For low-income households that had taken on mortgages to buy their homes, this literally meant ruin. The five million unemployed — out of a labor force of twenty-four million — further depressed home prices, leaving over a million people homeless weighted down by mortgage debts that the Spanish legislation wouldn’t cancel even after foreclosure. It is hardly surprising that anti-eviction protests, which brought together tens of thousands of people, soon became the main social movement.

In addition, beginning in 2010, European austerity diktats left the state without resources to face the crisis. Tens of thousands of public teachers, doctors, nurses, and government workers were fired. The ever-weak Spanish welfare state seemed to collapse in only a few years.

The May 15, 2011 explosion was a reaction against financial dictatorship, against the Spanish political class, and against the emptying out of Spanish democracy. But it came from a particular social place can only be understood in the context of a massive regime crisis, of which the failed transition was one of its main elements.

Those who led protests in the squares and would later lead Podemos to victory in Madrid, Barcelona, and Zaragoza were the sons and daughters of white-collar professionals, journalists, and even the political class: the progressively declassed children of the middle classes. The elite backgrounds of this relatively small segment of the population guaranteed its success. At the end of the day, they served as a mirror in which the social majority saw the decimation of its collective assets. The mainstream media couldn’t help but speak in sympathetic terms about all those postgraduates, unemployed or earning subsistence wages or leaving the country to find work.

15M was the visible demonstration of the breakup of Spanish society. The evident failure of an aging political class, shaken by neverending corruption scandals, demanded a revision of the history of transition and of the political equilibrium that sustained Spanish democracy for three decades. The appearance of Podemos, and the total disruption of the Spanish political party system, seems to demonstrate that this challenge has been more than superficial.

After almost ten years of crisis, we find ourselves in a singular time, less at the end of a political cycle than at the beginning of something completely new. Voters’ ambivalence to what is known as “new politics” — which includes Podemos but also other forces of change — perhaps reveals that we live in an unhealthy time.
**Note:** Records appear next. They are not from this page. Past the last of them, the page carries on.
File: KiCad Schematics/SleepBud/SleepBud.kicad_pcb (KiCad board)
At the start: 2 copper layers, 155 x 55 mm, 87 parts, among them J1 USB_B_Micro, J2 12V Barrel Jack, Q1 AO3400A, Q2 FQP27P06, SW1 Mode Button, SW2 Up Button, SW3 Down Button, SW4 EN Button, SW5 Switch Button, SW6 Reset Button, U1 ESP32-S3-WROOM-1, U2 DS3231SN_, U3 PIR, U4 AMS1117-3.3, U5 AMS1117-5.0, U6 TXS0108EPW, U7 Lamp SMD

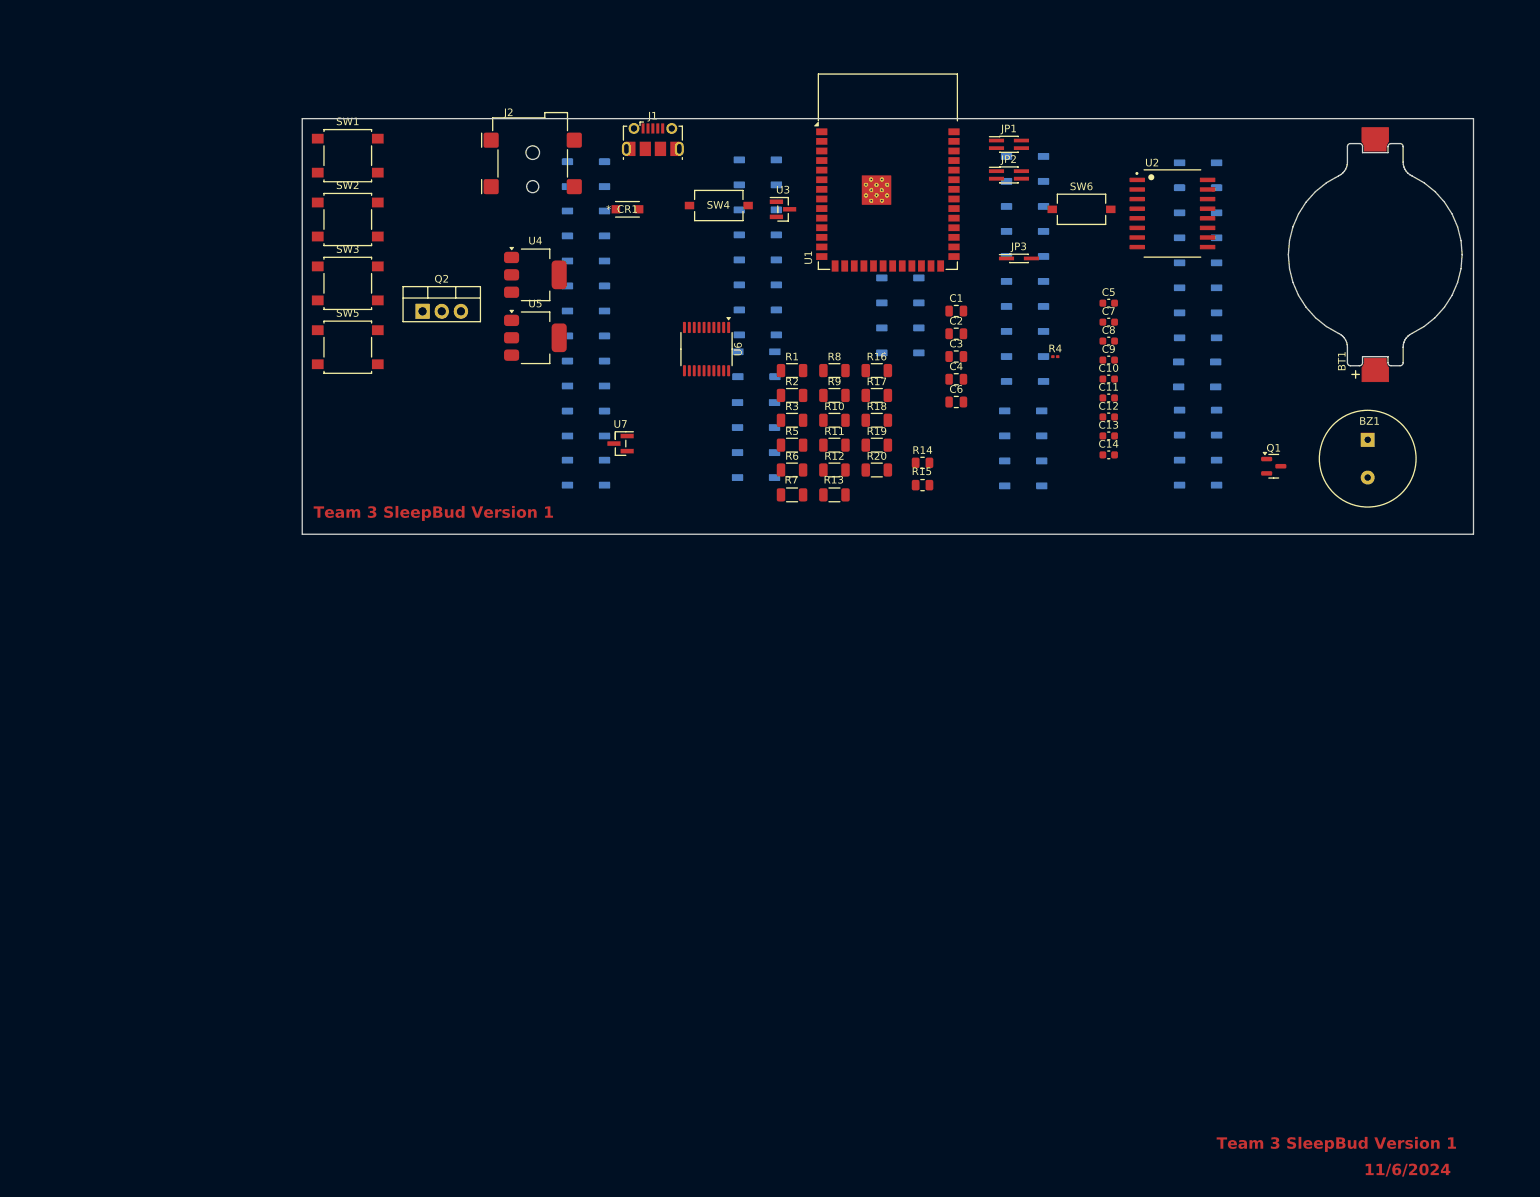
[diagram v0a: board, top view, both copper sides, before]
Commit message: Switched some footprints and schematics
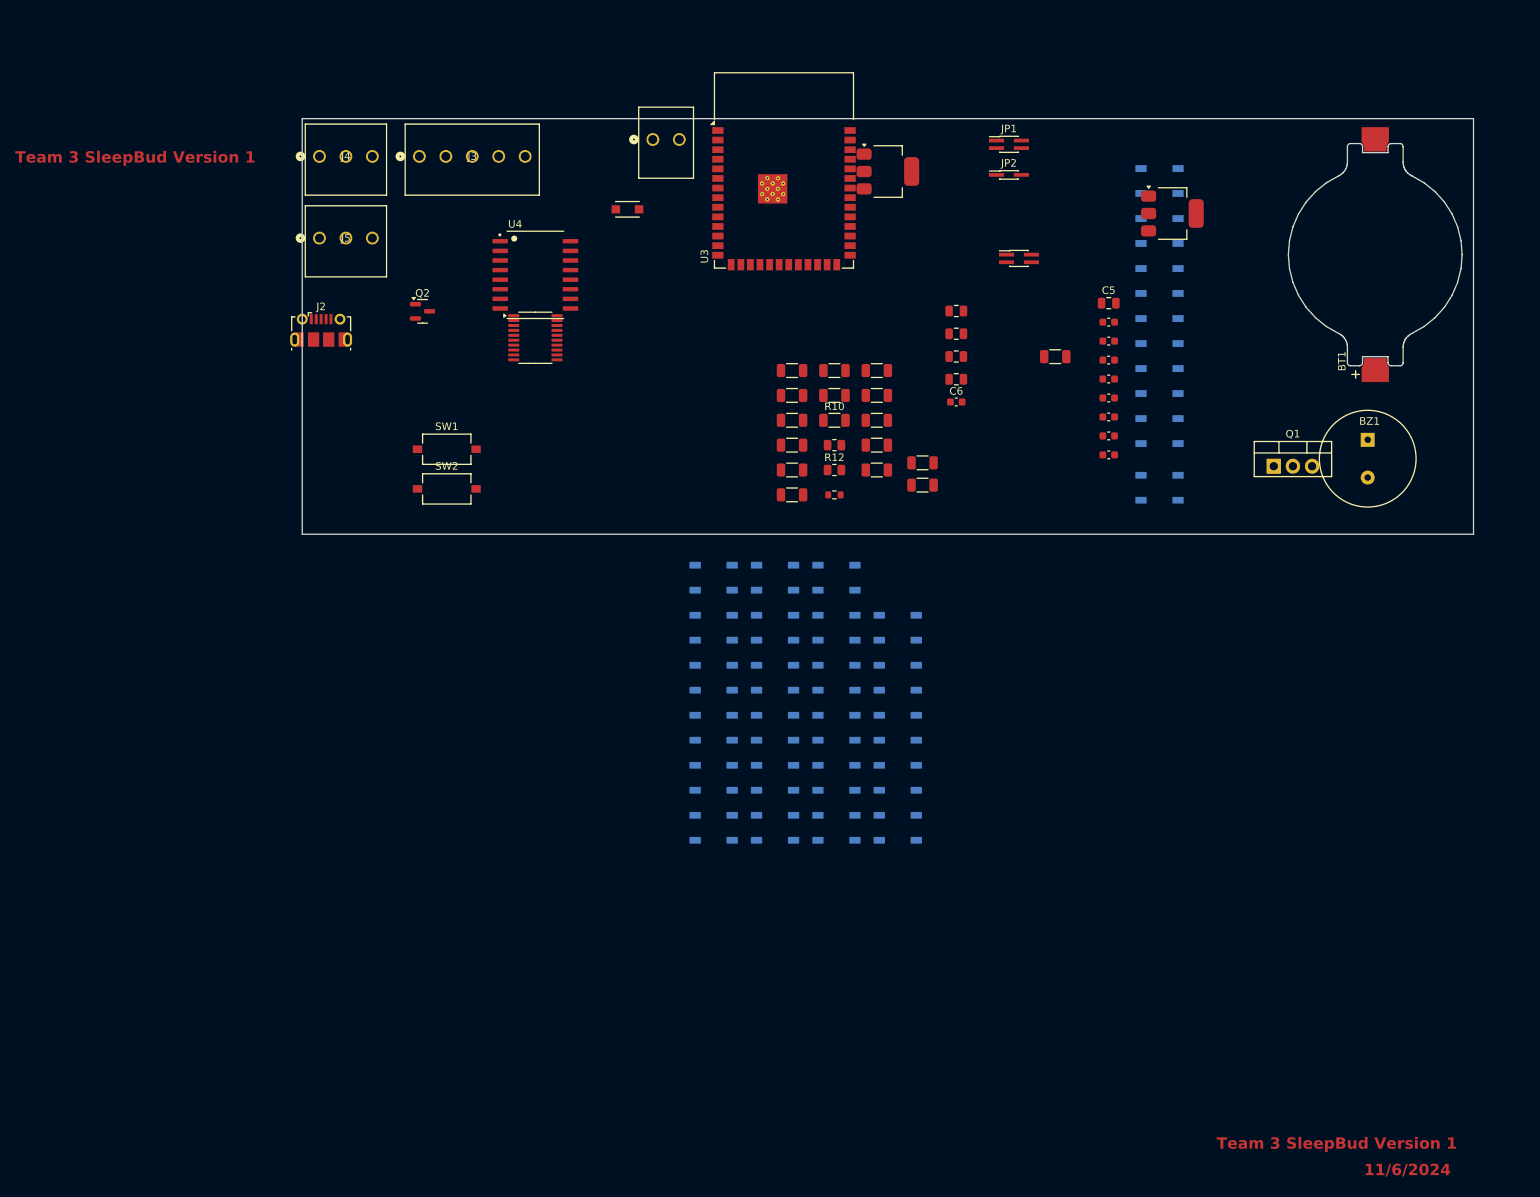
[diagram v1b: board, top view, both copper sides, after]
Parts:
- removed D31: WS2812B, LED_SMD:LED_WS2812B_PLCC4_5.0x5.0mm_P3.2mm
- removed SW3: Down Button, Button_Switch_SMD:SW_SPST_B3S-1000
- removed SW4: EN Button, Button_Switch_SMD:SW_Tactile_SPST_NO_Straight_CK_PTS636Sx25SMTRLFS
- removed SW5: Switch Button, Button_Switch_SMD:SW_SPST_B3S-1000
- removed SW6: Reset Button, Button_Switch_SMD:SW_Tactile_SPST_NO_Straight_CK_PTS636Sx25SMTRLFS
- removed U6: TXS0108EPW, Package_SO:TSSOP-20_4.4x6.5mm_P0.65mm
- removed U7: Lamp SMD, Connector_PinHeader_1.00mm:PinHeader_1x03_P1.00mm_Vertical_SMD_Pin1Right
- added D1: WS2812B, LED_SMD:LED_WS2812B_PLCC4_5.0x5.0mm_P3.2mm, B.Cu at (179.4, 62.2)
- added J3: 1984798, 1984798:CONN_1984798_PXC, F.Cu at (81.5, 59.0)
- added J4: 1984772, 1984772:CONN_1984772_PXC, F.Cu at (68.3, 59.0)
- added J5: 1984772, 1984772:CONN_1984772_PXC, F.Cu at (68.3, 69.8)
- C10: value 0.1uF -> 22pF
- C5: value 1uF -> 22uF; footprint Capacitor_SMD:C_0603_1608Metric -> Capacitor_SMD:C_0805_2012Metric
- C6: value 22uF -> 0.1uF; footprint Capacitor_SMD:C_0805_2012Metric -> Capacitor_SMD:C_0603_1608Metric
- C7: value 0.1uF -> 1uF
- C8: value 22pF -> 0.1uF
- J1: value USB_B_Micro -> 12V Barrel Jack; footprint Connector_USB:USB_Micro-B_Molex-105017-0001 -> 1984769:CONN_1984769_PXC
- J2: value 12V Barrel Jack -> USB_B_Micro; footprint Connector_BarrelJack:BarrelJack_Wuerth_694108106102_2.5x5.5mm -> Connector_USB:USB_Micro-B_Molex-105017-0001
- JP2: value JTAG -> Boot Option; footprint Connector_PinHeader_1.00mm:PinHeader_2x02_P1.00mm_Vertical_SMD -> Connector_PinHeader_1.00mm:PinHeader_2x01_P1.00mm_Vertical_SMD
- JP3: value Boot Option -> JTAG; footprint Connector_PinHeader_1.00mm:PinHeader_2x01_P1.00mm_Vertical_SMD -> Connector_PinHeader_1.00mm:PinHeader_2x02_P1.00mm_Vertical_SMD
- Q1: value AO3400A -> FQP27P06; footprint Package_TO_SOT_SMD:SOT-23 -> Package_TO_SOT_THT:TO-220-3_Vertical
- Q2: value FQP27P06 -> AO3400A; footprint Package_TO_SOT_THT:TO-220-3_Vertical -> Package_TO_SOT_SMD:SOT-23
- R10, R2, R9: value 470 -> 10k
- R11, R12: value 470 -> 3.3k; footprint Resistor_SMD:R_1206_3216Metric -> Resistor_SMD:R_0805_2012Metric
- R13: value 470 -> 4.7k; footprint Resistor_SMD:R_1206_3216Metric -> Resistor_SMD:R_0603_1608Metric
- R14: value 3.3k -> 10kOhm; footprint Resistor_SMD:R_0805_2012Metric -> Resistor_SMD:R_1206_3216Metric
- R15: value 3.3k -> 470; footprint Resistor_SMD:R_0805_2012Metric -> Resistor_SMD:R_1206_3216Metric
- R16, R17, R18, R19, R20: value 10k -> 470
- R4: value 4.7k -> 10k; footprint Resistor_SMD:R_0201_0603Metric -> Resistor_SMD:R_1206_3216Metric
- R5: value 10k -> 0
- R6, R7: value 0 -> 10k
- R8: value 10kOhm -> 0
- SW1: value Mode Button -> EN Button; footprint Button_Switch_SMD:SW_SPST_B3S-1000 -> Button_Switch_SMD:SW_Tactile_SPST_NO_Straight_CK_PTS636Sx25SMTRLFS
- SW2: value Up Button -> Reset Button; footprint Button_Switch_SMD:SW_SPST_B3S-1000 -> Button_Switch_SMD:SW_Tactile_SPST_NO_Straight_CK_PTS636Sx25SMTRLFS
- U1: value ESP32-S3-WROOM-1 -> AMS1117-3.3; footprint RF_Module:ESP32-S3-WROOM-1 -> Package_TO_SOT_SMD:SOT-223-3_TabPin2
- U2: value DS3231SN_ -> AMS1117-5.0; footprint DS3231SN_:SOIC127P1032X265-16N -> Package_TO_SOT_SMD:SOT-223-3_TabPin2
- U3: value PIR -> ESP32-S3-WROOM-1; footprint Connector_PinHeader_1.00mm:PinHeader_1x03_P1.00mm_Vertical_SMD_Pin1Left -> RF_Module:ESP32-S3-WROOM-1
- U4: value AMS1117-3.3 -> DS3231SN_; footprint Package_TO_SOT_SMD:SOT-223-3_TabPin2 -> DS3231SN_:SOIC127P1032X265-16N
- U5: value AMS1117-5.0 -> TXS0108EPW; footprint Package_TO_SOT_SMD:SOT-223-3_TabPin2 -> Package_SO:TSSOP-20_4.4x6.5mm_P0.65mm
- moved D18 93.0 mm to (136.7, 147.8)
- moved D17 93.0 mm to (136.7, 141.2)
- moved D12 90.0 mm to (144.8, 147.8)
- moved D24 77.5 mm to (128.6, 147.8)
- moved D20 68.8 mm to (128.6, 121.4)
- moved D19 68.8 mm to (128.6, 114.8)
- moved D21 68.8 mm to (128.6, 128.0)
- moved D7 67.6 mm to (179.4, 102.8)
- moved D25 65.6 mm to (120.5, 114.8)
- moved D22 60.2 mm to (128.6, 134.6)
- moved D23 60.2 mm to (128.6, 141.2)
- moved D11 57.8 mm to (144.8, 141.2)
- moved D10 56.7 mm to (144.8, 134.6)
- moved D8 56.7 mm to (144.8, 121.4)
- moved D9 56.7 mm to (144.8, 128.0)
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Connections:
- BZ1 pad 2: Net-(Q1-D) -> Net-(Q2-D)
- C1 pad 1: Net-(Q2-S) -> Net-(Q1-S)
- C10 pad 1: +3.3V -> Net-(J2-D+)
- C11 pad 1: +5V -> +3.3V
- C12 pad 1: GND -> Net-(BT1-+)
- C12 pad 2: Net-(C12-Pad2) -> GND
- C13 pad 1: Net-(BT1-+) -> +3.3V
- C14 pad 1: +3.3V -> +5V
- C5 pad 1: GND -> +3.3V
- C5 pad 2: Net-(U1-EN) -> GND
- C7 pad 1: +3.3V -> GND
- C7 pad 2: GND -> Net-(U3-EN)
- C8 pad 1: Net-(J1-D-) -> GND
- C8 pad 2: GND -> Net-(C8-Pad2)
- C9 pad 1: Net-(J1-D+) -> Net-(J2-D-)
- CR1 pad 1: Net-(Q2-S) -> Net-(Q1-S)
- D12 pad 4: Net-(D12-DIN) -> Net-(D11-DOUT)
- D14 pad 2: Net-(D14-DOUT) -> unconnected-(D14-DOUT-Pad2)
- D15 pad 4: Net-(D14-DOUT) -> Net-(D15-DIN)
- D16 pad 2: Net-(D16-DOUT) -> unconnected-(D16-DOUT-Pad2)
- D2 pad 4: Net-(D2-DIN) -> Net-(D1-DOUT)
- D22 pad 4: Net-(D22-DIN) -> Net-(D21-DOUT)
- D24 pad 4: Net-(D21-DOUT) -> Net-(D24-DIN)
- D25 pad 2: unconnected-(D25-DOUT-Pad2) -> Net-(D25-DOUT)
- D26 pad 4: Net-(D26-DIN) -> Net-(D25-DOUT)
- D27 pad 2: unconnected-(D27-DOUT-Pad2) -> Net-(D27-DOUT)
- D28 pad 4: Net-(D11-DOUT) -> Net-(D27-DOUT)
- D29 pad 2: unconnected-(D29-DOUT-Pad2) -> Net-(D29-DOUT)
- D30 pad 2: Net-(D30-DOUT) -> unconnected-(D30-DOUT-Pad2)
- D30 pad 4: Net-(D16-DOUT) -> Net-(D29-DOUT)
- D6 pad 2: Net-(D26-DIN) -> Net-(D6-DOUT)
- D7 pad 2: Net-(D7-DOUT) -> unconnected-(D7-DOUT-Pad2)
- D7 pad 4: Net-(D7-DIN) -> Net-(D6-DOUT)
- D8 pad 4: Net-(D7-DOUT) -> Net-(D8-DIN)
- J1 pad 1: VBUS -> +12V
- J1 pad 2: Net-(J1-D-) -> GND
- J2 pad 1: +12V -> VBUS
- J2 pad 2: GND -> Net-(J2-D-)
- J2 pad 3: (no net) -> Net-(J2-D+)
- JP2 pad 1: Net-(JP2-TMS) -> Net-(JP2-Input)
- JP2 pad 2: Net-(JP2-TDI) -> GND
- JP3 pad 1: Net-(JP3-Input) -> Net-(JP3-TMS)
- JP3 pad 2: GND -> Net-(JP3-TDI)
- Q1 pad 1: Net-(Q1-G) -> VBUS
- Q1 pad 2: GND -> +12V
- Q1 pad 3: Net-(Q1-D) -> Net-(Q1-S)
- Q2 pad 1: VBUS -> Net-(Q2-G)
- Q2 pad 2: +12V -> GND
- Q2 pad 3: Net-(Q2-S) -> Net-(Q2-D)
- R10 pad 1: /Digit 3 -> +3.3V
- R10 pad 2: Net-(D7-DIN) -> Net-(U3-IO7)
- R11 pad 1: /Digit 4 -> +3.3V
- R11 pad 2: Net-(D12-DIN) -> Net-(U3-IO35)
- R12 pad 1: /Digit 1 -> +3.3V
- R12 pad 2: Net-(D17-DIN) -> Net-(U3-IO36)
- R13 pad 1: /Colon -> +3.3V
- R13 pad 2: Net-(D22-DIN) -> Net-(U3-IO37)
- R14 pad 1: +3.3V -> Net-(U3-IO38)
- R14 pad 2: Net-(U1-IO35) -> GND
- R15 pad 1: +3.3V -> Net-(U5-B1)
- R15 pad 2: Net-(U1-IO36) -> Net-(J5-Pad2)
- R16 pad 1: /Buzzer -> /Digit 1
- R16 pad 2: Net-(Q1-G) -> Net-(D1-DIN)
- R17 pad 1: +3.3V -> /Digit 2
- R17 pad 2: Net-(U1-IO4) -> Net-(D8-DIN)
- R18 pad 1: +3.3V -> /Colon
- R18 pad 2: Net-(U1-IO5) -> Net-(D15-DIN)
- R19 pad 1: +3.3V -> /Digit 3
- R19 pad 2: Net-(U1-IO6) -> Net-(D17-DIN)
- R2 pad 1: /LED Lamp -> +3.3V
- R2 pad 2: Net-(U7-DIN) -> Net-(U3-EN)
- R20 pad 1: +3.3V -> /Digit 4
- R20 pad 2: Net-(U1-IO7) -> Net-(D24-DIN)
- R3 pad 1: Net-(C12-Pad2) -> Net-(C8-Pad2)
- R3 pad 2: Net-(U1-EN) -> Net-(U3-EN)
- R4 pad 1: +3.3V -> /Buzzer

Such ambiguity appears as the swinging between two poles: from one side, the movements that surged in 2011 have opened a field of political experimentation and constituted new political subjects and new forms of democracy; from the other, a good number fall into nostalgia for the good old days of Spanish democracy. This desire to restore the social contract by and for a middle class — now out of reach — comes with a need to restore the normality of institutional politics.

No matter what the result, we can be sure that this new crisis has swept away the sociological Francoism on which Fraga founded Spanish democracy. The transition has finally ended.